| TASK |
Look over the entries below. Report how many lines hold the word "longer", and only that.

* * * * * * * * *

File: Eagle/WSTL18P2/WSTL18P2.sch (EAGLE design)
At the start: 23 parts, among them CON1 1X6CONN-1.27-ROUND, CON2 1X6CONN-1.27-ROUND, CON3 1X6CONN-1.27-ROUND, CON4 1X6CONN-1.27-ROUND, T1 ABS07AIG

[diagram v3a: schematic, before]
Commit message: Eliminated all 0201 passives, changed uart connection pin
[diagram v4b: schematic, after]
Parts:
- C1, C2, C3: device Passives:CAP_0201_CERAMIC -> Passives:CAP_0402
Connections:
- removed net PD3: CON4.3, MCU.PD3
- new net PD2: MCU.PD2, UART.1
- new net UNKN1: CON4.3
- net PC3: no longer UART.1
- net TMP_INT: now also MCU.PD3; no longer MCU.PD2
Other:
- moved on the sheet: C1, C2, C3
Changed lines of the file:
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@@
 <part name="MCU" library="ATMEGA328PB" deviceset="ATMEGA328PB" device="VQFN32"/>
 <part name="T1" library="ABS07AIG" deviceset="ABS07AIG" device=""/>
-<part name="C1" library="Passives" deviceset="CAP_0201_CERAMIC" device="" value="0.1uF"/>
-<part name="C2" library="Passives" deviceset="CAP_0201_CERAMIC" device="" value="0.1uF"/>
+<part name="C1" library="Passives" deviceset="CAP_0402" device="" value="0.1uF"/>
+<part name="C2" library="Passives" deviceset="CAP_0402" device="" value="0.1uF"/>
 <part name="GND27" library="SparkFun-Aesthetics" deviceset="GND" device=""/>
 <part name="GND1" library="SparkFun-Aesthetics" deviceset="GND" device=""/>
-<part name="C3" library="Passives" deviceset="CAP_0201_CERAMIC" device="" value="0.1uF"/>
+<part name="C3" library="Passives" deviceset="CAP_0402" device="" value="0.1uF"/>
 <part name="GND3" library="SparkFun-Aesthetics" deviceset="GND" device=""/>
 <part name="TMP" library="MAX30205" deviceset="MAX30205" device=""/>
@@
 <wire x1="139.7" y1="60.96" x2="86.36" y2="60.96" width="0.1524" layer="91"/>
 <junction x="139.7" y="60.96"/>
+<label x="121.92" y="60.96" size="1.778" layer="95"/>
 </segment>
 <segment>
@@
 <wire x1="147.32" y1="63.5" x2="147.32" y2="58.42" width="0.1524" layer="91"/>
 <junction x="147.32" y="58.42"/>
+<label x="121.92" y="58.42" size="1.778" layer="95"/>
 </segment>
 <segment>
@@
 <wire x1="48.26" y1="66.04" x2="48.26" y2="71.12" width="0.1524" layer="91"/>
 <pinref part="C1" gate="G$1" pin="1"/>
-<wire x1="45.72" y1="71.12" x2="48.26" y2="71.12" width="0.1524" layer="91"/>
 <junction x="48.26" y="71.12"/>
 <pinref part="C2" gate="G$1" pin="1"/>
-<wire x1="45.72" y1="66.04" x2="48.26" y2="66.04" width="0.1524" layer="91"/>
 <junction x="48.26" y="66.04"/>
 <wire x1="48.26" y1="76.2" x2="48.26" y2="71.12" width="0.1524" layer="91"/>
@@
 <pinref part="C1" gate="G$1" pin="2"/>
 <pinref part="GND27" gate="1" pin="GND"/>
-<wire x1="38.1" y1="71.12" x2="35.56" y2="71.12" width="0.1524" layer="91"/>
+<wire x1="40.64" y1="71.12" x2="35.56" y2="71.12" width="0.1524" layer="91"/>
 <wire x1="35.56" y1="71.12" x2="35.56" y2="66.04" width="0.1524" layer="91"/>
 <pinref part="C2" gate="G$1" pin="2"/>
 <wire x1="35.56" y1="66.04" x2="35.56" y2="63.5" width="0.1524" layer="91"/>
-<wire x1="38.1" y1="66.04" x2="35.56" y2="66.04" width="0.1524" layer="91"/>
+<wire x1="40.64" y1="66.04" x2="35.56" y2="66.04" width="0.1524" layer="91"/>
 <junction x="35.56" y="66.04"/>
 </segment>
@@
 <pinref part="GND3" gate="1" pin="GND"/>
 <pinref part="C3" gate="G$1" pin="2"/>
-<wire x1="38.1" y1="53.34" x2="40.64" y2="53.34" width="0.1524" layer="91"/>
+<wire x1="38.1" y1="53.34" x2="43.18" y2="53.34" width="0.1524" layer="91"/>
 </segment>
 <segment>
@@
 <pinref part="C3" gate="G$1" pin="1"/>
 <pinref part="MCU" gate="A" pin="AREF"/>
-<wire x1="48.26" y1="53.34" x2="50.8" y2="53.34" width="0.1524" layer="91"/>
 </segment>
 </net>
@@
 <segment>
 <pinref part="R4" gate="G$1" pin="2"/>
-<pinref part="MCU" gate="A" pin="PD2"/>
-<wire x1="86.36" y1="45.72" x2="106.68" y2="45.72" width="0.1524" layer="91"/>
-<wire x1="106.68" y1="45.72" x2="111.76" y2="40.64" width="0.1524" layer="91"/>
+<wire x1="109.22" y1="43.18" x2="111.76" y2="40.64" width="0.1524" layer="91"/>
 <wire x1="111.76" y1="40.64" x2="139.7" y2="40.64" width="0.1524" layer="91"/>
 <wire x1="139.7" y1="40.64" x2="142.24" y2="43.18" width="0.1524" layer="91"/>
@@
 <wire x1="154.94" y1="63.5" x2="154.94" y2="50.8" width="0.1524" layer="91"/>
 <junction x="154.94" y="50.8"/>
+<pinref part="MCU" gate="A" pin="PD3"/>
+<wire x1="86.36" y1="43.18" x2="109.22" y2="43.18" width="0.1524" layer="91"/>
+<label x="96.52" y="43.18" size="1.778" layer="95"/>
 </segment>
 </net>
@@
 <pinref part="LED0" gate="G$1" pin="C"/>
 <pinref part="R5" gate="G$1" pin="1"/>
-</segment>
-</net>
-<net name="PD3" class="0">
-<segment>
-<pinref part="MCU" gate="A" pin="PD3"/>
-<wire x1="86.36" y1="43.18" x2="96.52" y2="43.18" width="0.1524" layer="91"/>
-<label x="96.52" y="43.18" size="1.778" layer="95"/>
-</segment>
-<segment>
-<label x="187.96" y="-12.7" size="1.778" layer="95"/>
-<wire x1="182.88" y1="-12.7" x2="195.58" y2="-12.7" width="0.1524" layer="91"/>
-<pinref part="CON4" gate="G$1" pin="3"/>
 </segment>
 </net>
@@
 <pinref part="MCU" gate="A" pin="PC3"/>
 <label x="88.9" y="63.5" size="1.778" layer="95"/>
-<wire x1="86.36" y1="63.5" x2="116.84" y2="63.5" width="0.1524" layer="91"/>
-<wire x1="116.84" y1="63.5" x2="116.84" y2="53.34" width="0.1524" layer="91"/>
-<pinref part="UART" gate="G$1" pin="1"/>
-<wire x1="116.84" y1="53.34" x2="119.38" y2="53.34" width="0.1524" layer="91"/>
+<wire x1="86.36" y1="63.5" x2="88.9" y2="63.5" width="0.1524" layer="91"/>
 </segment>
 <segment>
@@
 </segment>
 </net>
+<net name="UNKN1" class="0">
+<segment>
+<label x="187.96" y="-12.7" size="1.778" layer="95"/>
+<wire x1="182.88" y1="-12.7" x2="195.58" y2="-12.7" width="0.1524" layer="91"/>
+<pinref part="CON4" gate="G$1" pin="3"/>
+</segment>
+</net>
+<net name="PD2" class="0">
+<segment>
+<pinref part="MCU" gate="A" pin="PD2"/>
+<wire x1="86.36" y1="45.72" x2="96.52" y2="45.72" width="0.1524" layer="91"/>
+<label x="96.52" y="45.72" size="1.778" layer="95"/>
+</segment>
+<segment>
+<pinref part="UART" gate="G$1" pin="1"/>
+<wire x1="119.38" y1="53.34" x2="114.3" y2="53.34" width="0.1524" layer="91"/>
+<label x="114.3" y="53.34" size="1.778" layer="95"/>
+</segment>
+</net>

* * * * * * * * *

| SOLUTION TO THE PROBLEM |
2